■ WHAT THE EXERCISE ASKS
Could you set down every entry exactly as it stands, without the images?

[[ THE DATA, beginning ]]

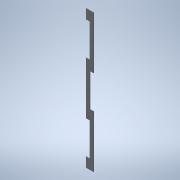
# Autodesk Inventor part: SP56V1 Chapa Detectores
Saved by Autodesk Inventor 2021.2 (Build 252289000, 289)
## iProperties
Created: 2026-10-05
Part Number: SP56V1 Chapa Detectores
Material: Generic
Document SubType Name: Sheet Metal
Designer: nelso
Density: 1 g/cm^3
Sheet Metal Rule: Default_mm
Appearance: Default
Author: nelso
Autodesk Inventor part; units mm, degrees
ref_plane "YZ Plane" through (0, 0, 0) normal (1, 0, 0) x (0, 1, 0)
ref_plane "XZ Plane" through (0, 0, 0) normal (0, 1, 0) x (-1, 0, 0)
ref_plane "XY Plane" through (0, 0, 0) normal (0, 0, 1) x (1, 0, 0)
sketch "Sketch1" plane through (0, 0, 0) normal (0, 1, 0) x (-1, 0, 0)
  line L0 (-30, 565) -> (30, 565) construction
  line L1 (30, 565) -> (30, -565) construction
  line L2 (30, -565) -> (-30, -565) construction
  line L3 (-30, -565) -> (-30, 565) construction
  line L4 (-30, 565) -> (30, -565) construction
  line L5 (30, 565) -> (-30, -565) construction
  line L6 (30, -565) -> (0, -565)
  line L7 (0, -565) -> (0, -485)
  line L8 (0, -485) -> (30, -485)
  line L9 (30, -485) -> (30, -565)
  line L10 (-30, -565) -> (0, -565)
  line L11 (0, -565) -> (0, -135)
  line L12 (0, -135) -> (-30, -135)
  line L13 (-30, -135) -> (-30, -565)
  line L14 (30, -135) -> (30, -215)
  line L15 (30, -215) -> (0, -215)
  line L16 (0, -215) -> (0, 215)
  line L17 (0, 215) -> (30, 215)
  line L18 (30, 215) -> (30, -215)
  line L19 (-30, 565) -> (0, 565)
  line L20 (0, 565) -> (0, 135)
  line L21 (0, 135) -> (-30, 135)
  line L22 (-30, 135) -> (-30, 565)
  line L23 (30, 565) -> (0, 565)
  line L24 (0, 565) -> (0, 485)
  line L25 (0, 485) -> (30, 485)
  line L26 (30, 485) -> (30, 565)
  point P0 (0, 0)
  dimension "d0" = 60
  dimension "d1" = 1130
  dimension "d2" = 80
  dimension "d3" = 430
  dimension "d4" = 80
  dimension "d5" = 430
  dimension "d6" = 430
  dimension "d7" = 80
  measures "d0" distance of L1.end L2.end
  measures "d1" distance of L0.end L1.end
  measures "d2" distance of L6.end L7.end
  measures "d3" distance of L11.end L10.end
  measures "d4" distance of L14.start L14.end
  measures "d5" distance of L15.end L16.end
  measures "d6" distance of L19.end L20.end
  measures "d7" distance of L24.end L23.end
extrude "Plate1" add sketch "Sketch1" along normal blind 3.2
equation "\"d8\" = Thickness"
equation "\"BendReliefWidth\" = Thickness"
equation "\"BendReliefDepth\" = 0.5 * Thickness"
equation "\"CornerReliefSize\" = 4 * Thickness"
equation "\"MinimumRemnant\" = 2 * Thickness"
equation "\"TransitionRadius\" = BendRadius"
equation "\"JacobiRadiusSize\" = BendRadius"
equation "\"GapSize\" = Thickness"
equation "\"Thickness\" = 3.2"
equation "\"BendRadius\" = 1.516"
body "Solid1"

[[ THE DATA, end ]]

■ REPLY TO THE TASK
# Autodesk Inventor part: SP56V1 Chapa Detectores
Saved by Autodesk Inventor 2021.2 (Build 252289000, 289)
## iProperties
Created: 2026-10-05
Part Number: SP56V1 Chapa Detectores
Material: Generic
Document SubType Name: Sheet Metal
Designer: nelso
Density: 1 g/cm^3
Sheet Metal Rule: Default_mm
Appearance: Default
Author: nelso
Autodesk Inventor part; units mm, degrees
ref_plane "YZ Plane" through (0, 0, 0) normal (1, 0, 0) x (0, 1, 0)
ref_plane "XZ Plane" through (0, 0, 0) normal (0, 1, 0) x (-1, 0, 0)
ref_plane "XY Plane" through (0, 0, 0) normal (0, 0, 1) x (1, 0, 0)
sketch "Sketch1" plane through (0, 0, 0) normal (0, 1, 0) x (-1, 0, 0)
  line L0 (-30, 565) -> (30, 565) construction
  line L1 (30, 565) -> (30, -565) construction
  line L2 (30, -565) -> (-30, -565) construction
  line L3 (-30, -565) -> (-30, 565) construction
  line L4 (-30, 565) -> (30, -565) construction
  line L5 (30, 565) -> (-30, -565) construction
  line L6 (30, -565) -> (0, -565)
  line L7 (0, -565) -> (0, -485)
  line L8 (0, -485) -> (30, -485)
  line L9 (30, -485) -> (30, -565)
  line L10 (-30, -565) -> (0, -565)
  line L11 (0, -565) -> (0, -135)
  line L12 (0, -135) -> (-30, -135)
  line L13 (-30, -135) -> (-30, -565)
  line L14 (30, -135) -> (30, -215)
  line L15 (30, -215) -> (0, -215)
  line L16 (0, -215) -> (0, 215)
  line L17 (0, 215) -> (30, 215)
  line L18 (30, 215) -> (30, -215)
  line L19 (-30, 565) -> (0, 565)
  line L20 (0, 565) -> (0, 135)
  line L21 (0, 135) -> (-30, 135)
  line L22 (-30, 135) -> (-30, 565)
  line L23 (30, 565) -> (0, 565)
  line L24 (0, 565) -> (0, 485)
  line L25 (0, 485) -> (30, 485)
  line L26 (30, 485) -> (30, 565)
  point P0 (0, 0)
  dimension "d0" = 60
  dimension "d1" = 1130
  dimension "d2" = 80
  dimension "d3" = 430
  dimension "d4" = 80
  dimension "d5" = 430
  dimension "d6" = 430
  dimension "d7" = 80
  measures "d0" distance of L1.end L2.end
  measures "d1" distance of L0.end L1.end
  measures "d2" distance of L6.end L7.end
  measures "d3" distance of L11.end L10.end
  measures "d4" distance of L14.start L14.end
  measures "d5" distance of L15.end L16.end
  measures "d6" distance of L19.end L20.end
  measures "d7" distance of L24.end L23.end
extrude "Plate1" add sketch "Sketch1" along normal blind 3.2
equation "\"d8\" = Thickness"
equation "\"BendReliefWidth\" = Thickness"
equation "\"BendReliefDepth\" = 0.5 * Thickness"
equation "\"CornerReliefSize\" = 4 * Thickness"
equation "\"MinimumRemnant\" = 2 * Thickness"
equation "\"TransitionRadius\" = BendRadius"
equation "\"JacobiRadiusSize\" = BendRadius"
equation "\"GapSize\" = Thickness"
equation "\"Thickness\" = 3.2"
equation "\"BendRadius\" = 1.516"
body "Solid1"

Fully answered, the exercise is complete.